##### The data

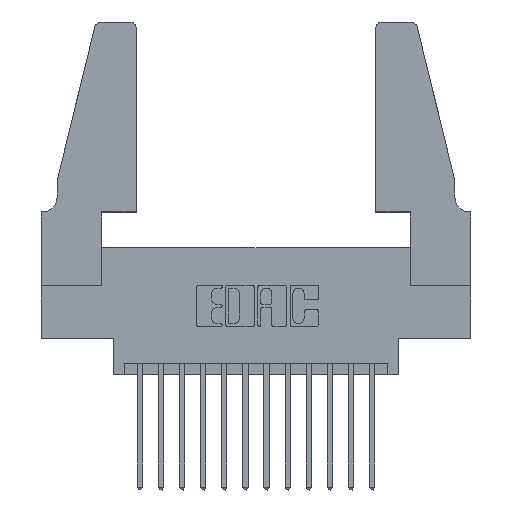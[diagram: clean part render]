
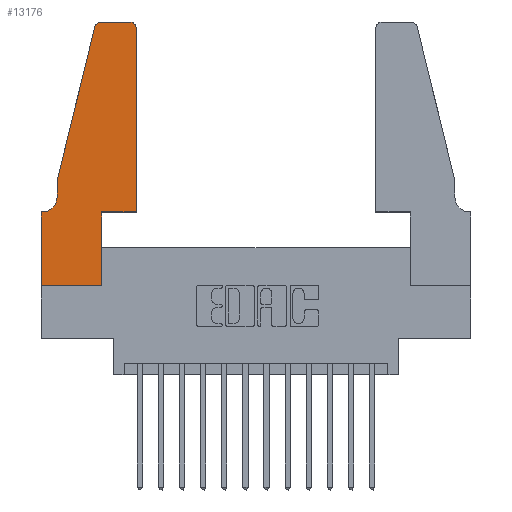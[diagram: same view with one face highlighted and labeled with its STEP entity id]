
A CAD part, top view. The second image highlights one B-rep face of the part: STEP entity #13176.
In plain terms, the highlighted planar face has unit normal (0, 0, 1).
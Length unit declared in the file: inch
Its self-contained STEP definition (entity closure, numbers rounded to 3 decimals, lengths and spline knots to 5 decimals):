
#155 = CIRCLE ( 'NONE', #1437, 0.03 ) ;
#342 = VECTOR ( 'NONE', #4682, 39.37008 ) ;
#373 = VECTOR ( 'NONE', #9400, 39.37008 ) ;
#492 = ORIENTED_EDGE ( 'NONE', *, *, #11112, .T. ) ;
#599 = VERTEX_POINT ( 'NONE', #12932 ) ;
#647 = AXIS2_PLACEMENT_3D ( 'NONE', #11557, #5461, #13930 ) ;
#972 = AXIS2_PLACEMENT_3D ( 'NONE', #7427, #15747, #8691 ) ;
#1240 = DIRECTION ( 'NONE',  ( 1., 0., 0. ) ) ;
#1266 = LINE ( 'NONE', #3187, #7945 ) ;
#1335 = CARTESIAN_POINT ( 'NONE',  ( 0.25487, 1.22718, 0.37 ) ) ;
#1381 = VECTOR ( 'NONE', #7640, 39.37008 ) ;
#1408 = ORIENTED_EDGE ( 'NONE', *, *, #3136, .T. ) ;
#1437 = AXIS2_PLACEMENT_3D ( 'NONE', #5499, #8754, #1240 ) ;
#1438 = VECTOR ( 'NONE', #6962, 39.37008 ) ;
#1649 = CARTESIAN_POINT ( 'NONE',  ( 0.0755, 0.5, 0.37 ) ) ;
#1704 = DIRECTION ( 'NONE',  ( 0., -1., 0. ) ) ;
#2707 = ORIENTED_EDGE ( 'NONE', *, *, #6725, .T. ) ;
#2782 = ORIENTED_EDGE ( 'NONE', *, *, #4904, .T. ) ;
#3075 = VERTEX_POINT ( 'NONE', #13397 ) ;
#3136 = EDGE_CURVE ( 'NONE', #10473, #7090, #8441, .T. ) ;
#3140 = CARTESIAN_POINT ( 'NONE',  ( 0.2865, 0.35, 0.37 ) ) ;
#3187 = CARTESIAN_POINT ( 'NONE',  ( 0.0755, 0.5, 0.37 ) ) ;
#3345 = VERTEX_POINT ( 'NONE', #9188 ) ;
#3420 = CARTESIAN_POINT ( 'NONE',  ( 0.4505, 0.35, 0.37 ) ) ;
#3677 = VERTEX_POINT ( 'NONE', #14960 ) ;
#3820 = EDGE_CURVE ( 'NONE', #3345, #3075, #8993, .T. ) ;
#3852 = VERTEX_POINT ( 'NONE', #13377 ) ;
#4137 = ORIENTED_EDGE ( 'NONE', *, *, #4972, .T. ) ;
#4286 = LINE ( 'NONE', #14778, #1381 ) ;
#4416 = DIRECTION ( 'NONE',  ( -0.239, -0.971, 0. ) ) ;
#4551 = DIRECTION ( 'NONE',  ( 1., 0., 0. ) ) ;
#4554 = CARTESIAN_POINT ( 'NONE',  ( 0.2865, 0.35, 0.37 ) ) ;
#4682 = DIRECTION ( 'NONE',  ( 0., 1., 0. ) ) ;
#4749 = LINE ( 'NONE', #14144, #1438 ) ;
#4794 = DIRECTION ( 'NONE',  ( 0., 0., -1. ) ) ;
#4904 = EDGE_CURVE ( 'NONE', #3852, #12643, #12664, .T. ) ;
#4972 = EDGE_CURVE ( 'NONE', #7090, #3345, #15396, .T. ) ;
#5212 = CARTESIAN_POINT ( 'NONE',  ( 0.284, 1.25, 0.37 ) ) ;
#5406 = VECTOR ( 'NONE', #14383, 39.37008 ) ;
#5449 = VECTOR ( 'NONE', #4551, 39.37008 ) ;
#5461 = DIRECTION ( 'NONE',  ( 0., 0., 1. ) ) ;
#5499 = CARTESIAN_POINT ( 'NONE',  ( 0.4205, 1.22, 0.37 ) ) ;
#5808 = VERTEX_POINT ( 'NONE', #10017 ) ;
#5990 = EDGE_LOOP ( 'NONE', ( #2707, #14384, #14202, #1408, #4137, #13891, #7328, #14811, #492, #7290, #2782, #9056 ) ) ;
#6178 = FACE_OUTER_BOUND ( 'NONE', #5990, .T. ) ;
#6361 = CIRCLE ( 'NONE', #972, 0.03 ) ;
#6655 = AXIS2_PLACEMENT_3D ( 'NONE', #12154, #4794, #13339 ) ;
#6725 = EDGE_CURVE ( 'NONE', #3677, #11519, #4749, .T. ) ;
#6962 = DIRECTION ( 'NONE',  ( -1., 0., 0. ) ) ;
#7090 = VERTEX_POINT ( 'NONE', #9053 ) ;
#7290 = ORIENTED_EDGE ( 'NONE', *, *, #12503, .T. ) ;
#7328 = ORIENTED_EDGE ( 'NONE', *, *, #8902, .T. ) ;
#7427 = CARTESIAN_POINT ( 'NONE',  ( 0.284, 1.22, 0.37 ) ) ;
#7640 = DIRECTION ( 'NONE',  ( 0., -1., 0. ) ) ;
#7945 = VECTOR ( 'NONE', #4416, 39.37008 ) ;
#8279 = CARTESIAN_POINT ( 'NONE',  ( 0., 0., 0.37 ) ) ;
#8441 = LINE ( 'NONE', #1649, #14363 ) ;
#8605 = VECTOR ( 'NONE', #14339, 39.37008 ) ;
#8691 = DIRECTION ( 'NONE',  ( 1., 0., 0. ) ) ;
#8754 = DIRECTION ( 'NONE',  ( 0., 0., 1. ) ) ;
#8902 = EDGE_CURVE ( 'NONE', #3075, #5808, #4286, .T. ) ;
#8993 = LINE ( 'NONE', #14840, #8605 ) ;
#9053 = CARTESIAN_POINT ( 'NONE',  ( 0.0755, 0.42, 0.37 ) ) ;
#9056 = ORIENTED_EDGE ( 'NONE', *, *, #10760, .T. ) ;
#9188 = CARTESIAN_POINT ( 'NONE',  ( 0.0055, 0.35, 0.37 ) ) ;
#9400 = DIRECTION ( 'NONE',  ( 0., 1., 0. ) ) ;
#10006 = VERTEX_POINT ( 'NONE', #4554 ) ;
#10017 = CARTESIAN_POINT ( 'NONE',  ( 0., 0., 0.37 ) ) ;
#10373 = PLANE ( 'NONE',  #647 ) ;
#10473 = VERTEX_POINT ( 'NONE', #10596 ) ;
#10581 = EDGE_CURVE ( 'NONE', #5808, #599, #15064, .T. ) ;
#10596 = CARTESIAN_POINT ( 'NONE',  ( 0.0755, 0.5, 0.37 ) ) ;
#10760 = EDGE_CURVE ( 'NONE', #12643, #3677, #155, .T. ) ;
#11112 = EDGE_CURVE ( 'NONE', #599, #10006, #13795, .T. ) ;
#11519 = VERTEX_POINT ( 'NONE', #5212 ) ;
#11557 = CARTESIAN_POINT ( 'NONE',  ( 0., 0.35, 0.37 ) ) ;
#12045 = CARTESIAN_POINT ( 'NONE',  ( 0.4505, 0.35, 0.37 ) ) ;
#12154 = CARTESIAN_POINT ( 'NONE',  ( 0.0055, 0.42, 0.37 ) ) ;
#12503 = EDGE_CURVE ( 'NONE', #10006, #3852, #15023, .T. ) ;
#12643 = VERTEX_POINT ( 'NONE', #13418 ) ;
#12664 = LINE ( 'NONE', #12045, #342 ) ;
#12703 = VERTEX_POINT ( 'NONE', #1335 ) ;
#12932 = CARTESIAN_POINT ( 'NONE',  ( 0.2865, 0., 0.37 ) ) ;
#12997 = EDGE_CURVE ( 'NONE', #12703, #10473, #1266, .T. ) ;
#13176 = ADVANCED_FACE ( 'NONE', ( #6178 ), #10373, .T. ) ;
#13339 = DIRECTION ( 'NONE',  ( -1., 0., 0. ) ) ;
#13377 = CARTESIAN_POINT ( 'NONE',  ( 0.4505, 0.35, 0.37 ) ) ;
#13397 = CARTESIAN_POINT ( 'NONE',  ( 0., 0.35, 0.37 ) ) ;
#13418 = CARTESIAN_POINT ( 'NONE',  ( 0.4505, 1.22, 0.37 ) ) ;
#13795 = LINE ( 'NONE', #3140, #373 ) ;
#13891 = ORIENTED_EDGE ( 'NONE', *, *, #3820, .T. ) ;
#13930 = DIRECTION ( 'NONE',  ( 1., 0., 0. ) ) ;
#14144 = CARTESIAN_POINT ( 'NONE',  ( 0.2605, 1.25, 0.37 ) ) ;
#14202 = ORIENTED_EDGE ( 'NONE', *, *, #12997, .T. ) ;
#14339 = DIRECTION ( 'NONE',  ( -1., 0., 0. ) ) ;
#14363 = VECTOR ( 'NONE', #1704, 39.37008 ) ;
#14383 = DIRECTION ( 'NONE',  ( 1., 0., 0. ) ) ;
#14384 = ORIENTED_EDGE ( 'NONE', *, *, #15289, .T. ) ;
#14778 = CARTESIAN_POINT ( 'NONE',  ( 0., 0., 0.37 ) ) ;
#14811 = ORIENTED_EDGE ( 'NONE', *, *, #10581, .T. ) ;
#14840 = CARTESIAN_POINT ( 'NONE',  ( 0.0755, 0.35, 0.37 ) ) ;
#14960 = CARTESIAN_POINT ( 'NONE',  ( 0.4205, 1.25, 0.37 ) ) ;
#15023 = LINE ( 'NONE', #3420, #5406 ) ;
#15064 = LINE ( 'NONE', #8279, #5449 ) ;
#15289 = EDGE_CURVE ( 'NONE', #11519, #12703, #6361, .T. ) ;
#15396 = CIRCLE ( 'NONE', #6655, 0.07 ) ;
#15747 = DIRECTION ( 'NONE',  ( 0., 0., 1. ) ) ;

##########

● **What is required**
From the records above, transcribe without alteration every line from the one with "#10017 = CARTESIAN_POINT" to the one with "#11557 = CARTESIAN_POINT", inclusive.

● **Solution**
#10017 = CARTESIAN_POINT ( 'NONE',  ( 0., 0., 0.37 ) ) ;
#10373 = PLANE ( 'NONE',  #647 ) ;
#10473 = VERTEX_POINT ( 'NONE', #10596 ) ;
#10581 = EDGE_CURVE ( 'NONE', #5808, #599, #15064, .T. ) ;
#10596 = CARTESIAN_POINT ( 'NONE',  ( 0.0755, 0.5, 0.37 ) ) ;
#10760 = EDGE_CURVE ( 'NONE', #12643, #3677, #155, .T. ) ;
#11112 = EDGE_CURVE ( 'NONE', #599, #10006, #13795, .T. ) ;
#11519 = VERTEX_POINT ( 'NONE', #5212 ) ;
#11557 = CARTESIAN_POINT ( 'NONE',  ( 0., 0.35, 0.37 ) ) ;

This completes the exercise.